Wednesday, 20 April 2022 09:55

Collar claims to limit labour woes

Written by  Staff Reporters
Halter claims its collars have been a massive stress reliever, especially during the Covid restrictions. Halter claims its collars have been a massive stress reliever, especially during the Covid restrictions.

Solar-powered smart cow collar manufacturer Halter claims it will help combat the country's acute labour shortage when it expands into Taranaki, Southland, Otago and the Central Plateau next month.

The company says its growth is in response to significant demand from the industry, and comes off the back of its successful launch into Canterbury late last year.

Despite eased border restrictions and changes to the class exception scheme, demand for workers continues.

In January, the industry predicted it would be short of between 4,000 and 6,000 workers this year alone.

The company says smart solutions like its collar, which it says can save farmers up to 20-40 hours a week, will relieve some of the unrelenting pressure to recruit.

"It means owner-operators can effectively and sustainably run small farms single-handedly, and on bigger stations, it offers farmers the opportunity to operate at a higher level."

The GPS-enabled collars enable farmers to automate herd movements, reducing on-farm workload.

Halter business development manage Steve Crowhurst says the collars have been a massive stress reliever, especially during the red setting of the Covid-19 Protection Framework.

"We've been able to support farmers to run 750-cow, 3-mob farms with just two people, and still manage to maintain normal output and sustainable hours."

Jo Sheridan, the demonstration manager at Owl Farm - a 160ha dairy farm, a joint venture between St Peter's School Cambridge and Lincoln University, says the product has reduced hours, and allowed the entire team to see everything that's happening on the farm.

"By no longer needing two people milking and getting cows in we have more options to carry out other work on farm and offer flexible, sustainable time off."

On larger farms like Canterbury's Craigmore Group, one of the largest corporate farming operations in the country, it means they can offer farmers an improved work-life balance without compromising on production.

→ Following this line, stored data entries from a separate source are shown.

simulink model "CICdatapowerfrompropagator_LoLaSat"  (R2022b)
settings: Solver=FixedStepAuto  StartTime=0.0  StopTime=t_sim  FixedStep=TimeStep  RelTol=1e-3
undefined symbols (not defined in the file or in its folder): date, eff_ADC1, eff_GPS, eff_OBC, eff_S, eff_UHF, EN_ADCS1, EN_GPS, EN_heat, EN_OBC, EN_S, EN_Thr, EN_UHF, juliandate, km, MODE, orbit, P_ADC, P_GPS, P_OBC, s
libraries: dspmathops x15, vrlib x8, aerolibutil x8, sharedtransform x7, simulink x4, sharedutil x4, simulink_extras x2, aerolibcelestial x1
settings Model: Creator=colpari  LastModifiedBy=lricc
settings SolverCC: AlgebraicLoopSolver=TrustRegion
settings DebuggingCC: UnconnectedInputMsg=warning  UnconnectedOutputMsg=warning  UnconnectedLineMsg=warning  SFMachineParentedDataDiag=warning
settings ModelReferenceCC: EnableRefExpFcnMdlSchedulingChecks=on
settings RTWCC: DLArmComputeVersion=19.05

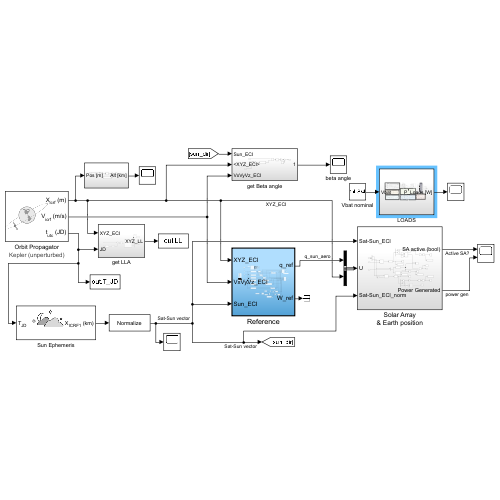
[thumbnail: Simulink's stored preview of the top-level diagram]
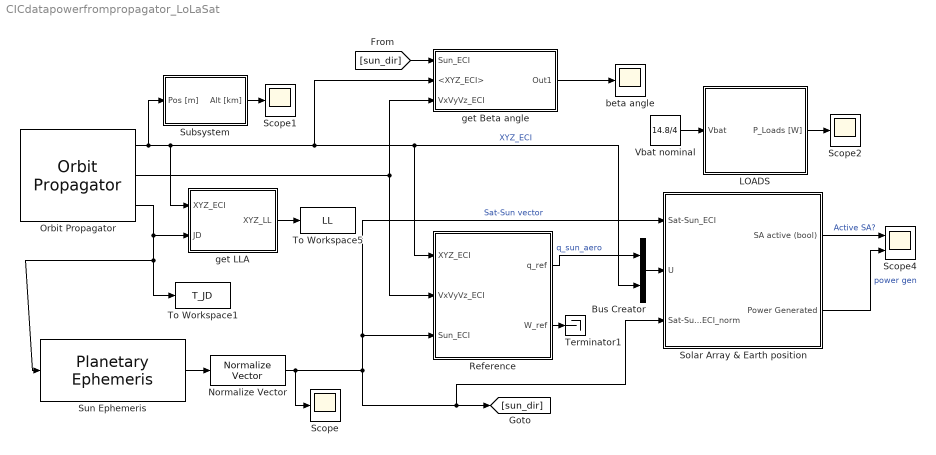
== system CICdatapowerfrompropagator_LoLaSat ==
  Bus Creator : BusCreator  Inputs=2
  LOADS : Subsystem
  Normalize Vector : vrlib/Utilities/Normalize Vector  maxzero=0
  Orbit Propagator : OrbitPropagator  startDate=juliandate(date.year, date.month, date.day, date.hour, date.minutes, date.seconds)  semiMajorAxis=orbit.a  eccentricity=orbit.e  inclination=orbit.i  raan=orbit.O  argPeriapsis=orbit.o  trueAnomaly=orbit.nu  inertialPosition=[3649700.0 3308200.0 -4676600.0]  inertialVelocity=[-2750.8 6666.4 2573.4]  fixedPosition=[-4142689.0 -2676864.7 -4669861.6]  fixedVelocity=[1452.7 -6720.7 2568.1]  customR=3396200  customMu=4.305e13  customJ2=1.0826269e-03  customOmega=4.06125949e-3
      settings: AttributesFormatString=%<propagator>
  Reference : Subsystem  TreatAsAtomicUnit=on
  Scope : Scope
  Scope1 : Scope
  Scope2 : Scope
  Scope4 : Scope  NumInputPorts=2
  Solar Array & Earth position : Subsystem
  Subsystem : Subsystem
  Sun Ephemeris : aerolibcelestial/Planetary Ephemeris  kmflag=km,km/s  epochflag=Julian date  de=DE405  nCenter=Earth  nTarget=Sun  errorflag=Error  velflag=off
  Terminator1 : Terminator
  To Workspace1 : ToWorkspace  VariableName=T_JD  SaveFormat=Timeseries  SampleTime=-1
  To Workspace5 : ToWorkspace  VariableName=LL  SaveFormat=Timeseries  SampleTime=-1
  Vbat nominal : Constant  Value=14.8/4
  beta angle : Scope
  get Beta angle : Subsystem
  get LLA : Subsystem
  wires:
  Reference/1(q_ref) -> Bus Creator/1  "q_sun_aero"
  Solar Array & Earth position/2(Power Generated) -> Scope4/2  "power gen"
  Orbit Propagator/2 -> Reference/2(VxVyVz_ECI), get Beta angle/3(VxVyVz_ECI)
  Normalize Vector/1 -> Scope/1, [sun_dir], Solar Array & Earth position/3(Sat-Sun_ECI_norm), Solar Array & Earth position/1(Sat-Sun_ECI), Reference/3(Sun_ECI)  "Sat-Sun vector"
  Bus Creator/1 -> Solar Array & Earth position/2(U)
  Solar Array & Earth position/1(SA active (bool)) -> Scope4/1  "Active SA?"
  Orbit Propagator/1 -> Subsystem/1(Pos [m]), get LLA/1(XYZ_ECI), Bus Creator/2, Reference/1(XYZ_ECI), get Beta angle/2(<XYZ_ECI>)  "XYZ_ECI"
  Orbit Propagator/3 -> To Workspace1/1, Sun Ephemeris/1, get LLA/2(JD)
  Reference/2(W_ref) -> Terminator1/1
  Sun Ephemeris/1 -> Normalize Vector/1
  get Beta angle/1(Out1) -> beta angle/1
  [sun_dir] -> get Beta angle/1(Sun_ECI)
  Subsystem/1(Alt [km]) -> Scope1/1
  get LLA/1(XYZ_LL) -> To Workspace5/1
  LOADS/1(P_Loads [W]) -> Scope2/1
  Vbat nominal/1 -> LOADS/1(Vbat)

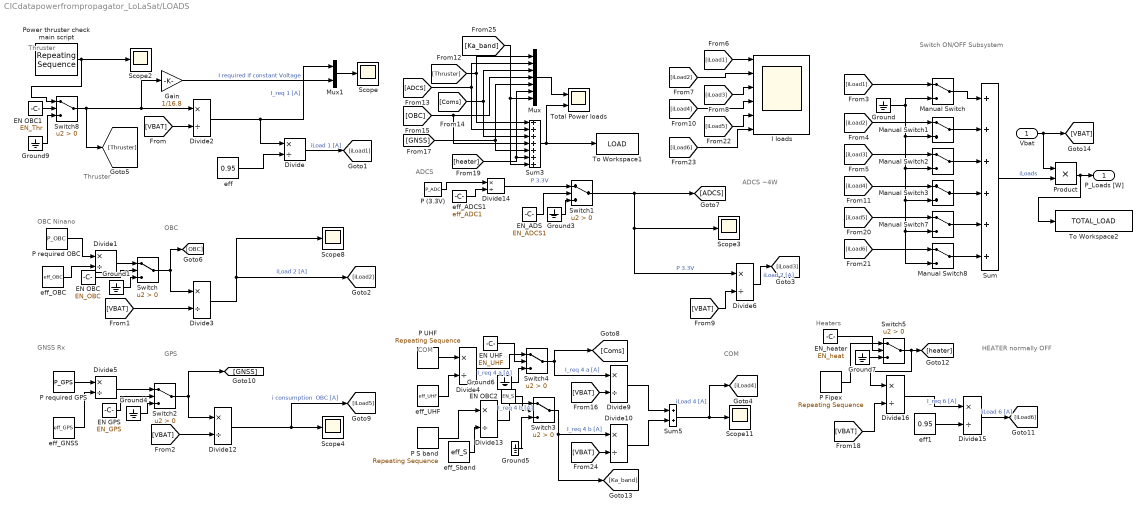
== system CICdatapowerfrompropagator_LoLaSat/LOADS ==
  note: Switch
      | ON/OFF
      | Subsystem
  note: Heaters
  note: COM
  note: ADCS
  note: OBC Ninano
  note: Thruster
  note: ADCS ~4W
  note: COM
  note: Thruster
  note: GNSS Rx
  note: GPS
  note: HEATER
      | normally
      | OFF
  note: OBC
  Vbat : Inport
  Divide{,1..6,9..10,12..16} (14 alike) : Product  Inputs=*/
  EN GPS : Constant  Value=EN_GPS
  EN OBC : Constant  Value=EN_OBC
  EN OBC1 : Constant  Value=EN_Thr
  EN OBC2 : Constant  Value=EN_S
  EN UHF : Constant  Value=EN_UHF
  EN_ADS : Constant  Value=EN_ADCS1
  EN_heater : Constant  Value=EN_heat
  Gain : Gain  Gain=1/16.8
  Ground{,1,3..7,9} (8 alike) : Ground
  I loads : Scope  NumInputPorts=6
  Manual Switch{,1..3,7..8} (6 alike) : ManualSwitch
  Mux : Mux  Inputs=7
  Mux1 : Mux  Inputs=2
  P (3.3V) : Constant  Value=P_ADC
  P Fipex : simulink/Sources/Repeating Sequence  rep_seq_t=t_Fi  rep_seq_y=p_Fi
  "P S band " : simulink/Sources/Repeating Sequence  rep_seq_t=t_tx_S  rep_seq_y=p_tx_S
  "P UHF " : simulink/Sources/Repeating Sequence  rep_seq_t=t_tx_UHF  rep_seq_y=p_tx_UHF
  P required GPS : Constant  Value=P_GPS
  P required OBC : Constant  Value=P_OBC
  Power thruster check main script : simulink/Sources/Repeating Sequence  rep_seq_t=t_thr  rep_seq_y=p_thr
  Product : Product
  Scope{,2..4,8,11} (6 alike) : Scope
  Sum : Sum  Inputs=++++++
  Sum3 : Sum  Inputs=+++++++
  Sum5 : Sum
  Switch{,1..5,8} (7 alike) : Switch  Criteria=u2 > Threshold  SaturateOnIntegerOverflow=off  InputSameDT=off
  To Workspace1 : ToWorkspace  VariableName=LOAD  SaveFormat=Timeseries  SampleTime=-1
  To Workspace2 : ToWorkspace  VariableName=TOTAL_LOAD  SaveFormat=Timeseries  SampleTime=-1
  Total Power loads : Scope  NumInputPorts=2
  eff : Constant  Value=0.95
  eff1 : Constant  Value=0.95
  "eff_ADCS1 " : Constant  Value=eff_ADC1
  eff_GNSS : Constant  Value=eff_GPS
  eff_OBC : Constant  Value=eff_OBC
  eff_Sband : Constant  Value=eff_S
  eff_UHF : Constant  Value=eff_UHF
  P_Loads [W] : Outport
  wires:
  Divide9/1 -> Sum5/1
  Sum5/1 -> [iLoad4], Scope11/1  "iLoad 4 [A]"
  Divide3/1 -> Scope8/1, [iLoad2]  "iLoad 2 [A]"
  Divide14/1 -> Switch1/1  "P 3.3V"
  Ground7/1 -> Switch5/3
  Power thruster check main script/1 -> Scope2/1, Switch8/1
  Sum3/1 -> Total Power loads/2, To Workspace1/1
  [Ka_band] -> Sum3/7, Mux/7
  Mux/1 -> Total Power loads/1
  EN OBC1/1 -> Switch8/2
  Divide4/1 -> Switch4/1  "I_req 4 a [A]"
  Ground5/1 -> Switch3/3
  EN_heater/1 -> Switch5/2
  EN_ADS/1 -> Switch1/2
  Divide10/1 -> Sum5/2
  Ground6/1 -> Switch4/3
  Divide13/1 -> Switch3/1  "I_req 4 b [A]"
  eff_UHF/1 -> Divide4/2
  Divide5/1 -> Switch2/1
  EN UHF/1 -> Switch4/2
  Divide15/1 -> [iLoad6]  "iLoad 6 [A]"
  Divide6/1 -> [iLoad3]  "iLoad 2 [A]"
  EN GPS/1 -> Switch2/2
  EN OBC2/1 -> Switch3/2
  Ground3/1 -> Switch1/3
  [Thruster] -> Sum3/1, Mux/1
  [iLoad6] -> I loads/6
  Manual Switch7/1 -> Sum/5
  Manual Switch8/1 -> Sum/6
  "P UHF "/1 -> Divide4/1
  Divide1/1 -> Switch/1
  eff/1 -> Divide/2
  [VBAT] -> Divide6/2
  Ground4/1 -> Switch2/3
  eff_Sband/1 -> Divide13/2
  [VBAT] -> Divide12/2
  Switch1/1 -> [ADCS], Divide6/1, Scope3/1  "P 3.3V"
  "eff_ADCS1 "/1 -> Divide14/2
  "P S band "/1 -> Divide13/1
  Ground1/1 -> Switch/3
  Switch2/1 -> [GNSS], Divide12/1
  P required OBC/1 -> Divide1/1
  Switch/1 -> Divide3/1, [OBC]
  Switch4/1 -> [Coms], Divide9/1  "I_req 4 a [A]"
  P required GPS/1 -> Divide5/1
  [iLoad3] -> I loads/3
  [iLoad5] -> I loads/5
  [VBAT] -> Divide9/2
  [iLoad6] -> Manual Switch8/1
  P Fipex/1 -> Switch5/1
  Switch8/1 -> [Thruster], Gain/1, Divide2/1
  [GNSS] -> Sum3/5, Mux/5
  [iLoad2] -> I loads/2
  [iLoad5] -> Manual Switch7/1
  Gain/1 -> Mux1/2  "I required if constant Voltage"
  eff_GNSS/1 -> Divide5/2
  [heater] -> Mux/6, Sum3/6
  [VBAT] -> Divide16/2
  Divide16/1 -> Divide15/1  "I_req 6 [A]"
  Divide12/1 -> [iLoad5], Scope4/1  "i consumption  OBC [A]"
  Manual Switch3/1 -> Sum/4
  [iLoad3] -> Manual Switch2/1
  [Coms] -> Sum3/3, Mux/3
  [iLoad4] -> I loads/4
  EN OBC/1 -> Switch/2
  [iLoad2] -> Manual Switch1/1
  [OBC] -> Sum3/4, Mux/4
  eff1/1 -> Divide15/2
  Manual Switch2/1 -> Sum/3
  Switch3/1 -> [Ka_band], Divide10/1  "I_req 4 b [A]"
  Manual Switch/1 -> Sum/1
  [ADCS] -> Sum3/2, Mux/2
  [VBAT] -> Divide10/2
  [iLoad4] -> Manual Switch3/1
  Mux1/1 -> Scope/1
  [iLoad1] -> Manual Switch/1
  Ground/1 -> Manual Switch/2, Manual Switch8/2, Manual Switch7/2, Manual Switch3/2, Manual Switch2/2, Manual Switch1/2
  Switch5/1 -> Divide16/1, [heater]
  Ground9/1 -> Switch8/3
  Divide2/1 -> Divide/1, Mux1/1  "I_req 1 [A]"
  [iLoad1] -> I loads/1
  [VBAT] -> Divide3/2
  Divide/1 -> [iLoad1]  "iLoad 1 [A]"
  eff_OBC/1 -> Divide1/2
  Manual Switch1/1 -> Sum/2
  [VBAT] -> Divide2/2
  P (3.3V)/1 -> Divide14/1
  Product/1 -> To Workspace2/1, P_Loads [W]/1
  Sum/1 -> Product/2  "iLoads"
  Vbat/1 -> Product/1, [VBAT]

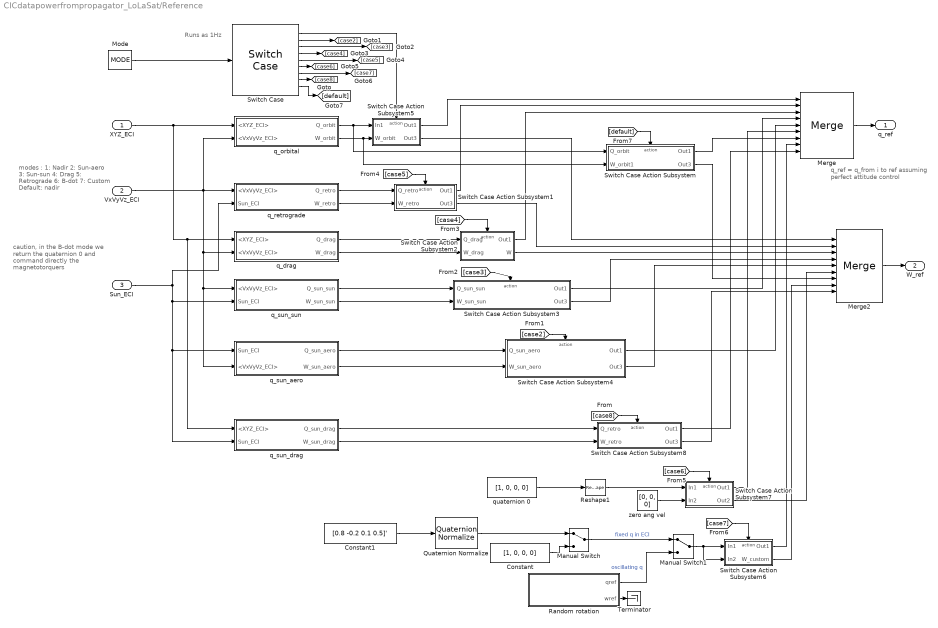
== system CICdatapowerfrompropagator_LoLaSat/Reference ==
  note: caution, in the B-dot mode we return the quaternion 0 and command directly the magnetotorquers
  note: modes :
      | 1: Nadir
      | 2: Sun-aero
      | 3: Sun-sun
      | 4: Drag
      | 5: Retrograde
      | 6: B-dot
      | 7: Custom
      | Default: nadir
  note: Runs as 1Hz
  note: q_ref  = q_from i to ref
      | assuming perfect attitude control
  XYZ_ECI : Inport
  VxVyVz_ECI : Inport  Port=2
  Sun_ECI : Inport  Port=3
  Constant : Constant  Value=[1, 0, 0, 0]
  Constant1 : Constant  Value=[0.8 -0.2 0.1 0.5]'
  Manual Switch : ManualSwitch
  Manual Switch1 : ManualSwitch
  Merge : Merge  Inputs=9
  Merge2 : Merge  Inputs=9
  Mode : Constant  Value=MODE  OutDataTypeStr=int8
  Quaternion Normalize : sharedutil/Quaternion Normalize  aMode=aMode
  Random rotation : Subsystem
  Reshape1 : Reshape  OutputDimensionality=Column vector (2-D)
  Switch Case : SwitchCase  CaseConditions={1, 2, 3, 4, 5, 6, 7, 8}
  Switch Case Action Subsystem : Subsystem  TreatAsAtomicUnit=on
  Switch Case Action Subsystem1 : Subsystem  TreatAsAtomicUnit=on
  Switch Case Action Subsystem2 : Subsystem  TreatAsAtomicUnit=on
  Switch Case Action Subsystem3 : Subsystem  TreatAsAtomicUnit=on
  Switch Case Action Subsystem4 : Subsystem  TreatAsAtomicUnit=on
  Switch Case Action Subsystem5 : Subsystem  TreatAsAtomicUnit=on
  Switch Case Action Subsystem6 : Subsystem  TreatAsAtomicUnit=on
  Switch Case Action Subsystem7 : Subsystem  TreatAsAtomicUnit=on
  Switch Case Action Subsystem8 : Subsystem  TreatAsAtomicUnit=on
  Terminator : Terminator
  q_drag : Subsystem
  q_orbital : Subsystem
  q_retrograde : Subsystem
  q_sun_aero : Subsystem
  q_sun_drag : Subsystem
  q_sun_sun : Subsystem
  quaternion 0 : Constant  Value=[1, 0, 0, 0]
  zero ang vel : Constant  Value=[0, 0, 0]
  q_ref : Outport  VectorParamsAs1DForOutWhenUnconnected=off
  W_ref : Outport  Port=2
  wires:
  q_sun_sun/1(Q_sun_sun) -> Switch Case Action Subsystem3/1(Q_sun_sun)
  Sun_ECI/1 -> q_retrograde/2(Sun_ECI), q_sun_drag/2(Sun_ECI), q_sun_aero/1(Sun_ECI), q_sun_sun/2(Sun_ECI)
  Mode/1 -> Switch Case/1
  q_sun_aero/1(Q_sun_aero) -> Switch Case Action Subsystem4/1(Q_sun_aero)
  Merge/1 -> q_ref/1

The current industy benchmark states one full-time worker is required for every 173 cows, but Craigmore is now able to manage 260 cows per full-time worker, all with sustainable hours. Matt Redmond, farm business manager on a 147ha, 520 cow Craigmore farm in the Culverden Basin, North Canterbury, says the company adopted Halter because they're passionate about sustainability and worker welfare.

"We've been able to offer staff a better working life. Rather than spending hours sitting behind cows, our workers can spend more time on high-value management and big picture tasks."

He says the cows are also calme without having the noise and pressure of a motorbike and dogs behind them.